** Opening Data provided block **

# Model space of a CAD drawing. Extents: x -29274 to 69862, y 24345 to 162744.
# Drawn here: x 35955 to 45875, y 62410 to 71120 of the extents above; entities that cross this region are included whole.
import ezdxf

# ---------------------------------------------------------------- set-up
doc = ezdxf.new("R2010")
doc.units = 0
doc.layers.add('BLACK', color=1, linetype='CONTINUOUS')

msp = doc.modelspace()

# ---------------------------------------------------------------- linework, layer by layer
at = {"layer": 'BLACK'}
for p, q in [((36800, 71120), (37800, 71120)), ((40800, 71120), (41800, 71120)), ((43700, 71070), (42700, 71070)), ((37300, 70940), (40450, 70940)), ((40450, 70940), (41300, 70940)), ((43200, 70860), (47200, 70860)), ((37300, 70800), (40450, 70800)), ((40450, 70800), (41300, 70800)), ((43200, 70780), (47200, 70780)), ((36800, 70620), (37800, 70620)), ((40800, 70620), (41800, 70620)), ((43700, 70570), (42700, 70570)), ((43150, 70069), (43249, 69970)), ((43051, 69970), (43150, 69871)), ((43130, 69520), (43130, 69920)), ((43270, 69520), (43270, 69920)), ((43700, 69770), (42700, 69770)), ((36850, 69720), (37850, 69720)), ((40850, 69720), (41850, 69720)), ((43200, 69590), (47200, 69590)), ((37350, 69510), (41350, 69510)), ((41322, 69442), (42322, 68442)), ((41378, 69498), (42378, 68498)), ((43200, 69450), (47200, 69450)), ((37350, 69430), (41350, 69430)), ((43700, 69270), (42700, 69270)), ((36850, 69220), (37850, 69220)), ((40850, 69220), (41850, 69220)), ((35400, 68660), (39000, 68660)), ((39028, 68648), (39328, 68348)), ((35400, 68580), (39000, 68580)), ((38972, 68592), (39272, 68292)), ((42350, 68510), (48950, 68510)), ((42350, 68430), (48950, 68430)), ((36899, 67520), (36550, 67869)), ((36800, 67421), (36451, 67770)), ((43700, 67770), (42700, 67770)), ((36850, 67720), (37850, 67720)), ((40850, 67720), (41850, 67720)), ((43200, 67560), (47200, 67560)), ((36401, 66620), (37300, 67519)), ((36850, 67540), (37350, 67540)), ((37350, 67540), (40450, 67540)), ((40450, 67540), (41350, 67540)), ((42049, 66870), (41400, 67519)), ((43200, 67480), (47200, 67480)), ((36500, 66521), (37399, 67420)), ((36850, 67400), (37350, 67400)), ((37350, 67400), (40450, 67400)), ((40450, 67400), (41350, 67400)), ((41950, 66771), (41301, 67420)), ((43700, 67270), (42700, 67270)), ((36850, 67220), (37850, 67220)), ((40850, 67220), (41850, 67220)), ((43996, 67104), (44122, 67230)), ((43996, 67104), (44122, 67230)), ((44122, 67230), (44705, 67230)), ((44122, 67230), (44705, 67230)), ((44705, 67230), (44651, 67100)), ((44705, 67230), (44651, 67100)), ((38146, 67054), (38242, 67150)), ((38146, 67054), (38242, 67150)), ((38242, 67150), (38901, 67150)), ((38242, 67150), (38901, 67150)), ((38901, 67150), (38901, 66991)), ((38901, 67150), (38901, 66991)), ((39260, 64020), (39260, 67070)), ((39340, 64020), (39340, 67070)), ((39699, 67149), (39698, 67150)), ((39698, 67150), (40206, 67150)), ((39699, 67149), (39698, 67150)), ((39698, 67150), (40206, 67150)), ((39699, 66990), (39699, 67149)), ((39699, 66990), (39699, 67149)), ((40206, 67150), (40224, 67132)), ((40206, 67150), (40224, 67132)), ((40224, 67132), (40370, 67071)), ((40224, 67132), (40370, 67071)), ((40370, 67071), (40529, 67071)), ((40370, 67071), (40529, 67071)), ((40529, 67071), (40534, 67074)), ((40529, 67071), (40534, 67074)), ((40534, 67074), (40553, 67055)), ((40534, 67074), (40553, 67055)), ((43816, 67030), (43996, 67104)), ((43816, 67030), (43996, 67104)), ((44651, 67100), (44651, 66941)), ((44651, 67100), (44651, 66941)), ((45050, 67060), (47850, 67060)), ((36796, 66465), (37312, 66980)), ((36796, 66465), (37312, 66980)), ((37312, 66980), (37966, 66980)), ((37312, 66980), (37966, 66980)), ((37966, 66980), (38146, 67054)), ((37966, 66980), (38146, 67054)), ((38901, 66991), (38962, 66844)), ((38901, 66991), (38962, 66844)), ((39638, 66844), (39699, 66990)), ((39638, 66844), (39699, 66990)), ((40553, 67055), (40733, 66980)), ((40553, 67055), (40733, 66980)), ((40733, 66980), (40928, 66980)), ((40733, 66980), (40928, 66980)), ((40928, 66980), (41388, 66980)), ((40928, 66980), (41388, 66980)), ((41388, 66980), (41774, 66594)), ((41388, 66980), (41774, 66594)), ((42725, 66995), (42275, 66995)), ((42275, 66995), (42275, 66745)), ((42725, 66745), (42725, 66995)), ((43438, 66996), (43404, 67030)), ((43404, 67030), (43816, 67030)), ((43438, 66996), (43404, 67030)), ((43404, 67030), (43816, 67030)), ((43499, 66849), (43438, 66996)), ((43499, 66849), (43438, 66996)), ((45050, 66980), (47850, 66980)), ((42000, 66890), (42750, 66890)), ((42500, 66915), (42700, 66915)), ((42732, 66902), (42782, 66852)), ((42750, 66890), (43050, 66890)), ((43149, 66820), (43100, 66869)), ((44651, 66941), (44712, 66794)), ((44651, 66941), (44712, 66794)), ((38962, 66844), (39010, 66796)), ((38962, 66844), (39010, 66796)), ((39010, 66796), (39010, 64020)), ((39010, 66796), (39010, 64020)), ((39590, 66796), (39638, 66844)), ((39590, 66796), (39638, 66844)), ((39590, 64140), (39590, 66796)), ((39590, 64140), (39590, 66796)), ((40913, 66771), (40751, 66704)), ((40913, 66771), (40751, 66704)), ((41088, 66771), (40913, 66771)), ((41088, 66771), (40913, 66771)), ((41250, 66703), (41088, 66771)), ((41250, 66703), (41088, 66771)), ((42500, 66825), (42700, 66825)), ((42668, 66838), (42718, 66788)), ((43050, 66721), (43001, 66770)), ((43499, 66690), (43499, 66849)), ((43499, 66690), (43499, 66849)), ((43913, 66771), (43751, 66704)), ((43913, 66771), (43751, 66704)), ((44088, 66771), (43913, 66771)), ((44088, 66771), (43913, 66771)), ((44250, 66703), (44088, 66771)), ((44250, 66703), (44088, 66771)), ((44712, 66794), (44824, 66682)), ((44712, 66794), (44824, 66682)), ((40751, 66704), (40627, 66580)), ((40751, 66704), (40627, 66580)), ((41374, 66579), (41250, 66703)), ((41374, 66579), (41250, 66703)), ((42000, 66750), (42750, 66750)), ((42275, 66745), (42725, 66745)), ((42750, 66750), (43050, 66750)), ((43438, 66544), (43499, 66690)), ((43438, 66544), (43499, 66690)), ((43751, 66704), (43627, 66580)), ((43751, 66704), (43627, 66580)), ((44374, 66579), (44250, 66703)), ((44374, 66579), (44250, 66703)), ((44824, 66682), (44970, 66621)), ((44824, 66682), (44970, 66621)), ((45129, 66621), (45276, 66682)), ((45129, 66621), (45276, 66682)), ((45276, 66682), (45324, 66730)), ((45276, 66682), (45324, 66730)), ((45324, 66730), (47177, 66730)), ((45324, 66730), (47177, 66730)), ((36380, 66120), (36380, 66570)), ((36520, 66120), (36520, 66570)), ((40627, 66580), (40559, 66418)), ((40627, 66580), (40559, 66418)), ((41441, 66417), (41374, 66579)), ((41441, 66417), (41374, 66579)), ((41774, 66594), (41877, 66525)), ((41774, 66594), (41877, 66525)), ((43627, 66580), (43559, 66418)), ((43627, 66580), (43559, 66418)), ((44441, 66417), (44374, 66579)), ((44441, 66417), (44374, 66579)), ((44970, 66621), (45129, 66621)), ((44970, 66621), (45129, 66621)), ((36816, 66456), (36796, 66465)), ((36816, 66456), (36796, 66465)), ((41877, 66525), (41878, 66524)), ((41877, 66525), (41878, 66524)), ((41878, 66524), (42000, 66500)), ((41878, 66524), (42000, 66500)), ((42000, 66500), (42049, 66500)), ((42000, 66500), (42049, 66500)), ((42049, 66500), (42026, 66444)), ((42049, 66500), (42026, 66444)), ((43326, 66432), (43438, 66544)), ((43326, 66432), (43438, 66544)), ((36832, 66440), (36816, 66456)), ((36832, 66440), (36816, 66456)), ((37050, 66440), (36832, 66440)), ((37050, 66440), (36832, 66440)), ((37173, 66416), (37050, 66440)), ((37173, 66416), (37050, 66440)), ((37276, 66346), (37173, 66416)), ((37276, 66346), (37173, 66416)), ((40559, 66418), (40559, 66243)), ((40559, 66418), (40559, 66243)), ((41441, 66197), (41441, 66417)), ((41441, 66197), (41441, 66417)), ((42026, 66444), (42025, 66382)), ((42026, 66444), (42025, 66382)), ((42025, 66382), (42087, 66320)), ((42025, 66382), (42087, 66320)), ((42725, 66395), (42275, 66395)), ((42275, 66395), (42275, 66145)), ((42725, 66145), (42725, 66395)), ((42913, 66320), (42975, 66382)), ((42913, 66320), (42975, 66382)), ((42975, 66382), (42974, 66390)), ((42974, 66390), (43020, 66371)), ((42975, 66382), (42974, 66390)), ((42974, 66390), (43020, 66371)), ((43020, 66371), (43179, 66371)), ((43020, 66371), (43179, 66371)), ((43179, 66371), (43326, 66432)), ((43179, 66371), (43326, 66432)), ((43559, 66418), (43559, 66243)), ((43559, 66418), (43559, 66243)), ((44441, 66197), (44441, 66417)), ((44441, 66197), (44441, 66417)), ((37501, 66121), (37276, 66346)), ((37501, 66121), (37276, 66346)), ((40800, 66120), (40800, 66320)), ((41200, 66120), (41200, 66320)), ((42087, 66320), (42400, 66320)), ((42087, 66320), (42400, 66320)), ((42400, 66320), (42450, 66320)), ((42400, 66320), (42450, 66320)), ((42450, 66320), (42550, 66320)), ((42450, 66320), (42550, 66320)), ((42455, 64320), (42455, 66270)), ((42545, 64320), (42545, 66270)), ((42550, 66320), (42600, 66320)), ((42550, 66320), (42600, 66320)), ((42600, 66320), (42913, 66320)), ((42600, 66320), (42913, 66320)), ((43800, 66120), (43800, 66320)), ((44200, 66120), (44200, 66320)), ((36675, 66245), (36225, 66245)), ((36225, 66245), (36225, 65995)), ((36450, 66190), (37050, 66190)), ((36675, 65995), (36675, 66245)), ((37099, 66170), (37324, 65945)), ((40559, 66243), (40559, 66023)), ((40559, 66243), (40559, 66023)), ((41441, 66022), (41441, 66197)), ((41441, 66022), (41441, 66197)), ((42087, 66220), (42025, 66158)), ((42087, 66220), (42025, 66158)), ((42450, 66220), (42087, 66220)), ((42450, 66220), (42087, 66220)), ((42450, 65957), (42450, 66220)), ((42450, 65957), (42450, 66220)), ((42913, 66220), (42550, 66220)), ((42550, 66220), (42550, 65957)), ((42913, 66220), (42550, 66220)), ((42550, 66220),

** Closing Data provided block **

Exercise aim
The word "BLACK" appears on some lines of the data above; say how many such lines there are, with nothing else.

Response to this exercise
2